═════ Entries provided ═════

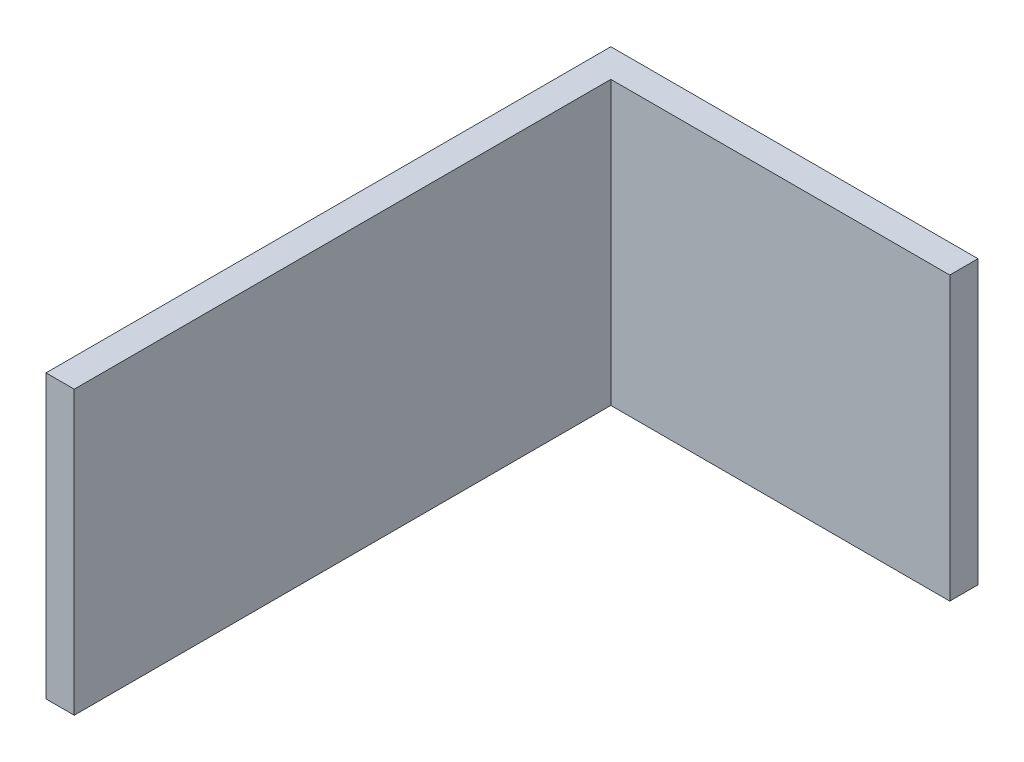
ISO-10303-21;
HEADER;
FILE_DESCRIPTION(('STEP AP214'),'2;1');
FILE_NAME('part.step','',(''),(''),'','','');
FILE_SCHEMA(('AUTOMOTIVE_DESIGN { 1 0 10303 214 1 1 1 1 }'));
ENDSEC;
DATA;
#1=APPLICATION_CONTEXT('core data for automotive mechanical design processes');
#2=APPLICATION_PROTOCOL_DEFINITION('international standard','automotive_design',2000,#1);
#3=PRODUCT_CONTEXT('',#1,'mechanical');
#4=PRODUCT('Part','Part','',(#3));
#5=PRODUCT_RELATED_PRODUCT_CATEGORY('part','',(#4));
#6=PRODUCT_DEFINITION_FORMATION('','',#4);
#7=PRODUCT_DEFINITION_CONTEXT('part definition',#1,'design');
#8=PRODUCT_DEFINITION('design','',#6,#7);
#9=PRODUCT_DEFINITION_SHAPE('','',#8);
#10=(LENGTH_UNIT() NAMED_UNIT(*) SI_UNIT(.MILLI.,.METRE.));
#11=(NAMED_UNIT(*) PLANE_ANGLE_UNIT() SI_UNIT($,.RADIAN.));
#12=(NAMED_UNIT(*) SI_UNIT($,.STERADIAN.) SOLID_ANGLE_UNIT());
#13=UNCERTAINTY_MEASURE_WITH_UNIT(LENGTH_MEASURE(1.E-05),#10,'distance_accuracy_value','');
#14=(GEOMETRIC_REPRESENTATION_CONTEXT(3) GLOBAL_UNCERTAINTY_ASSIGNED_CONTEXT((#13)) GLOBAL_UNIT_ASSIGNED_CONTEXT((#10,
#11,#12)) REPRESENTATION_CONTEXT('',''));
#15=CARTESIAN_POINT('',(0.,0.,0.));
#16=DIRECTION('',(0.,0.,1.));
#17=DIRECTION('',(1.,0.,0.));
#18=AXIS2_PLACEMENT_3D('',#15,#16,#17);
#19=CARTESIAN_POINT('',(500.,0.,10000.));
#20=DIRECTION('',(-1.,0.,0.));
#21=DIRECTION('',(0.,0.,1.));
#22=AXIS2_PLACEMENT_3D('',#19,#20,#21);
#23=PLANE('',#22);
#24=DIRECTION('',(0.,-1.,0.));
#25=VECTOR('',#24,1.);
#26=CARTESIAN_POINT('',(500.,0.,500.));
#27=LINE('',#26,#25);
#28=CARTESIAN_POINT('',(500.,5000.,500.));
#29=VERTEX_POINT('',#28);
#30=CARTESIAN_POINT('',(500.,0.,500.));
#31=VERTEX_POINT('',#30);
#32=EDGE_CURVE('E50',#29,#31,#27,.T.);
#33=ORIENTED_EDGE('',*,*,#32,.F.);
#34=DIRECTION('',(0.,0.,-1.));
#35=VECTOR('',#34,1.);
#36=CARTESIAN_POINT('',(500.,5000.,10000.));
#37=LINE('',#36,#35);
#38=CARTESIAN_POINT('',(500.,5000.,10000.));
#39=VERTEX_POINT('',#38);
#40=EDGE_CURVE('E136',#39,#29,#37,.T.);
#41=ORIENTED_EDGE('',*,*,#40,.F.);
#42=DIRECTION('',(0.,1.,0.));
#43=VECTOR('',#42,1.);
#44=CARTESIAN_POINT('',(500.,0.,10000.));
#45=LINE('',#44,#43);
#46=CARTESIAN_POINT('',(500.,0.,10000.));
#47=VERTEX_POINT('',#46);
#48=EDGE_CURVE('E129',#47,#39,#45,.T.);
#49=ORIENTED_EDGE('',*,*,#48,.F.);
#50=DIRECTION('',(0.,0.,-1.));
#51=VECTOR('',#50,1.);
#52=CARTESIAN_POINT('',(500.,0.,10000.));
#53=LINE('',#52,#51);
#54=EDGE_CURVE('E43',#47,#31,#53,.T.);
#55=ORIENTED_EDGE('',*,*,#54,.T.);
#56=EDGE_LOOP('',(#33,#41,#49,#55));
#57=FACE_BOUND('',#56,.T.);
#58=ADVANCED_FACE('F35',(#57),#23,.F.);
#59=CARTESIAN_POINT('',(0.,0.,10000.));
#60=DIRECTION('',(1.,0.,0.));
#61=DIRECTION('',(0.,0.,-1.));
#62=AXIS2_PLACEMENT_3D('',#59,#60,#61);
#63=PLANE('',#62);
#64=DIRECTION('',(0.,-1.,0.));
#65=VECTOR('',#64,1.);
#66=CARTESIAN_POINT('',(0.,0.,0.));
#67=LINE('',#66,#65);
#68=CARTESIAN_POINT('',(0.,5000.,0.));
#69=VERTEX_POINT('',#68);
#70=CARTESIAN_POINT('',(0.,0.,0.));
#71=VERTEX_POINT('',#70);
#72=EDGE_CURVE('E101',#69,#71,#67,.T.);
#73=ORIENTED_EDGE('',*,*,#72,.T.);
#74=DIRECTION('',(0.,0.,-1.));
#75=VECTOR('',#74,1.);
#76=CARTESIAN_POINT('',(0.,0.,10000.));
#77=LINE('',#76,#75);
#78=CARTESIAN_POINT('',(0.,0.,10000.));
#79=VERTEX_POINT('',#78);
#80=EDGE_CURVE('E11',#79,#71,#77,.T.);
#81=ORIENTED_EDGE('',*,*,#80,.F.);
#82=DIRECTION('',(0.,-1.,0.));
#83=VECTOR('',#82,1.);
#84=CARTESIAN_POINT('',(0.,0.,10000.));
#85=LINE('',#84,#83);
#86=CARTESIAN_POINT('',(0.,5000.,10000.));
#87=VERTEX_POINT('',#86);
#88=EDGE_CURVE('E102',#87,#79,#85,.T.);
#89=ORIENTED_EDGE('',*,*,#88,.F.);
#90=DIRECTION('',(0.,0.,-1.));
#91=VECTOR('',#90,1.);
#92=CARTESIAN_POINT('',(0.,5000.,10000.));
#93=LINE('',#92,#91);
#94=EDGE_CURVE('E132',#87,#69,#93,.T.);
#95=ORIENTED_EDGE('',*,*,#94,.T.);
#96=EDGE_LOOP('',(#73,#81,#89,#95));
#97=FACE_BOUND('',#96,.T.);
#98=ADVANCED_FACE('F37',(#97),#63,.F.);
#99=CARTESIAN_POINT('',(0.,0.,10000.));
#100=DIRECTION('',(0.,1.,0.));
#101=DIRECTION('',(0.,0.,1.));
#102=AXIS2_PLACEMENT_3D('',#99,#100,#101);
#103=PLANE('',#102);
#104=DIRECTION('',(1.,0.,0.));
#105=VECTOR('',#104,1.);
#106=CARTESIAN_POINT('',(0.,0.,0.));
#107=LINE('',#106,#105);
#108=CARTESIAN_POINT('',(6500.,0.,0.));
#109=VERTEX_POINT('',#108);
#110=EDGE_CURVE('E103',#71,#109,#107,.T.);
#111=ORIENTED_EDGE('',*,*,#110,.T.);
#112=DIRECTION('',(0.,0.,-1.));
#113=VECTOR('',#112,1.);
#114=CARTESIAN_POINT('',(6500.,0.,0.));
#115=LINE('',#114,#113);
#116=CARTESIAN_POINT('',(6500.,0.,500.));
#117=VERTEX_POINT('',#116);
#118=EDGE_CURVE('E117',#117,#109,#115,.T.);
#119=ORIENTED_EDGE('',*,*,#118,.F.);
#120=DIRECTION('',(-1.,0.,0.));
#121=VECTOR('',#120,1.);
#122=CARTESIAN_POINT('',(6500.,0.,500.));
#123=LINE('',#122,#121);
#124=EDGE_CURVE('E122',#117,#31,#123,.T.);
#125=ORIENTED_EDGE('',*,*,#124,.T.);
#126=ORIENTED_EDGE('',*,*,#54,.F.);
#127=DIRECTION('',(1.,0.,0.));
#128=VECTOR('',#127,1.);
#129=CARTESIAN_POINT('',(0.,0.,10000.));
#130=LINE('',#129,#128);
#131=EDGE_CURVE('E81',#79,#47,#130,.T.);
#132=ORIENTED_EDGE('',*,*,#131,.F.);
#133=ORIENTED_EDGE('',*,*,#80,.T.);
#134=EDGE_LOOP('',(#111,#119,#125,#126,#132,#133));
#135=FACE_BOUND('',#134,.T.);
#136=ADVANCED_FACE('F141',(#135),#103,.F.);
#137=CARTESIAN_POINT('',(0.,5000.,10000.));
#138=DIRECTION('',(0.,-1.,0.));
#139=DIRECTION('',(0.,0.,-1.));
#140=AXIS2_PLACEMENT_3D('',#137,#138,#139);
#141=PLANE('',#140);
#142=DIRECTION('',(-1.,0.,0.));
#143=VECTOR('',#142,1.);
#144=CARTESIAN_POINT('',(0.,5000.,0.));
#145=LINE('',#144,#143);
#146=CARTESIAN_POINT('',(6500.,5000.,3.36468379447228E-13));
#147=VERTEX_POINT('',#146);
#148=EDGE_CURVE('E74',#147,#69,#145,.T.);
#149=ORIENTED_EDGE('',*,*,#148,.T.);
#150=ORIENTED_EDGE('',*,*,#94,.F.);
#151=DIRECTION('',(-1.,0.,0.));
#152=VECTOR('',#151,1.);
#153=CARTESIAN_POINT('',(0.,5000.,10000.));
#154=LINE('',#153,#152);
#155=EDGE_CURVE('E59',#39,#87,#154,.T.);
#156=ORIENTED_EDGE('',*,*,#155,.F.);
#157=ORIENTED_EDGE('',*,*,#40,.T.);
#158=DIRECTION('',(-1.,0.,0.));
#159=VECTOR('',#158,1.);
#160=CARTESIAN_POINT('',(6500.,5000.,500.));
#161=LINE('',#160,#159);
#162=CARTESIAN_POINT('',(6500.,5000.,500.));
#163=VERTEX_POINT('',#162);
#164=EDGE_CURVE('E109',#163,#29,#161,.T.);
#165=ORIENTED_EDGE('',*,*,#164,.F.);
#166=DIRECTION('',(0.,0.,1.));
#167=VECTOR('',#166,1.);
#168=CARTESIAN_POINT('',(6500.,5000.,3.36468379447228E-13));
#169=LINE('',#168,#167);
#170=EDGE_CURVE('E106',#147,#163,#169,.T.);
#171=ORIENTED_EDGE('',*,*,#170,.F.);
#172=EDGE_LOOP('',(#149,#150,#156,#157,#165,#171));
#173=FACE_BOUND('',#172,.T.);
#174=ADVANCED_FACE('F107',(#173),#141,.F.);
#175=CARTESIAN_POINT('',(0.,0.,10000.));
#176=DIRECTION('',(0.,0.,-1.));
#177=DIRECTION('',(-1.,0.,0.));
#178=AXIS2_PLACEMENT_3D('',#175,#176,#177);
#179=PLANE('',#178);
#180=ORIENTED_EDGE('',*,*,#88,.T.);
#181=ORIENTED_EDGE('',*,*,#131,.T.);
#182=ORIENTED_EDGE('',*,*,#48,.T.);
#183=ORIENTED_EDGE('',*,*,#155,.T.);
#184=EDGE_LOOP('',(#180,#181,#182,#183));
#185=FACE_BOUND('',#184,.T.);
#186=ADVANCED_FACE('F145',(#185),#179,.F.);
#187=CARTESIAN_POINT('',(0.,0.,0.));
#188=DIRECTION('',(0.,0.,-1.));
#189=DIRECTION('',(-1.,0.,0.));
#190=AXIS2_PLACEMENT_3D('',#187,#188,#189);
#191=PLANE('',#190);
#192=ORIENTED_EDGE('',*,*,#72,.F.);
#193=ORIENTED_EDGE('',*,*,#148,.F.);
#194=DIRECTION('',(0.,1.,0.));
#195=VECTOR('',#194,1.);
#196=CARTESIAN_POINT('',(6500.,0.,0.));
#197=LINE('',#196,#195);
#198=EDGE_CURVE('E99',#109,#147,#197,.T.);
#199=ORIENTED_EDGE('',*,*,#198,.F.);
#200=ORIENTED_EDGE('',*,*,#110,.F.);
#201=EDGE_LOOP('',(#192,#193,#199,#200));
#202=FACE_BOUND('',#201,.T.);
#203=ADVANCED_FACE('F97',(#202),#191,.T.);
#204=CARTESIAN_POINT('',(6500.,0.,500.));
#205=DIRECTION('',(0.,0.,-1.));
#206=DIRECTION('',(-1.,0.,0.));
#207=AXIS2_PLACEMENT_3D('',#204,#205,#206);
#208=PLANE('',#207);
#209=ORIENTED_EDGE('',*,*,#32,.T.);
#210=ORIENTED_EDGE('',*,*,#124,.F.);
#211=DIRECTION('',(0.,-1.,0.));
#212=VECTOR('',#211,1.);
#213=CARTESIAN_POINT('',(6500.,0.,500.));
#214=LINE('',#213,#212);
#215=EDGE_CURVE('E112',#163,#117,#214,.T.);
#216=ORIENTED_EDGE('',*,*,#215,.F.);
#217=ORIENTED_EDGE('',*,*,#164,.T.);
#218=EDGE_LOOP('',(#209,#210,#216,#217));
#219=FACE_BOUND('',#218,.T.);
#220=ADVANCED_FACE('F140',(#219),#208,.F.);
#221=CARTESIAN_POINT('',(6500.,0.,0.));
#222=DIRECTION('',(1.,0.,0.));
#223=DIRECTION('',(0.,0.,-1.));
#224=AXIS2_PLACEMENT_3D('',#221,#222,#223);
#225=PLANE('',#224);
#226=ORIENTED_EDGE('',*,*,#198,.T.);
#227=ORIENTED_EDGE('',*,*,#170,.T.);
#228=ORIENTED_EDGE('',*,*,#215,.T.);
#229=ORIENTED_EDGE('',*,*,#118,.T.);
#230=EDGE_LOOP('',(#226,#227,#228,#229));
#231=FACE_BOUND('',#230,.T.);
#232=ADVANCED_FACE('F115',(#231),#225,.T.);
#233=CLOSED_SHELL('',(#58,#98,#136,#174,#186,#203,#220,#232));
#234=MANIFOLD_SOLID_BREP('B2',#233);
#235=ADVANCED_BREP_SHAPE_REPRESENTATION('',(#18,#234),#14);
#236=SHAPE_DEFINITION_REPRESENTATION(#9,#235);
ENDSEC;
END-ISO-10303-21;

═════

What this task involves:
In the entries above, restate word for word the lines between the one holding "#99=CARTESIAN_POINT('',(0.,0.,10000.));" and the one holding "#114=CARTESIAN_POINT('',(6500.,0.,0.));", inclusive, and nothing besides.

Response to this task:
#99=CARTESIAN_POINT('',(0.,0.,10000.));
#100=DIRECTION('',(0.,1.,0.));
#101=DIRECTION('',(0.,0.,1.));
#102=AXIS2_PLACEMENT_3D('',#99,#100,#101);
#103=PLANE('',#102);
#104=DIRECTION('',(1.,0.,0.));
#105=VECTOR('',#104,1.);
#106=CARTESIAN_POINT('',(0.,0.,0.));
#107=LINE('',#106,#105);
#108=CARTESIAN_POINT('',(6500.,0.,0.));
#109=VERTEX_POINT('',#108);
#110=EDGE_CURVE('E103',#71,#109,#107,.T.);
#111=ORIENTED_EDGE('',*,*,#110,.T.);
#112=DIRECTION('',(0.,0.,-1.));
#113=VECTOR('',#112,1.);
#114=CARTESIAN_POINT('',(6500.,0.,0.));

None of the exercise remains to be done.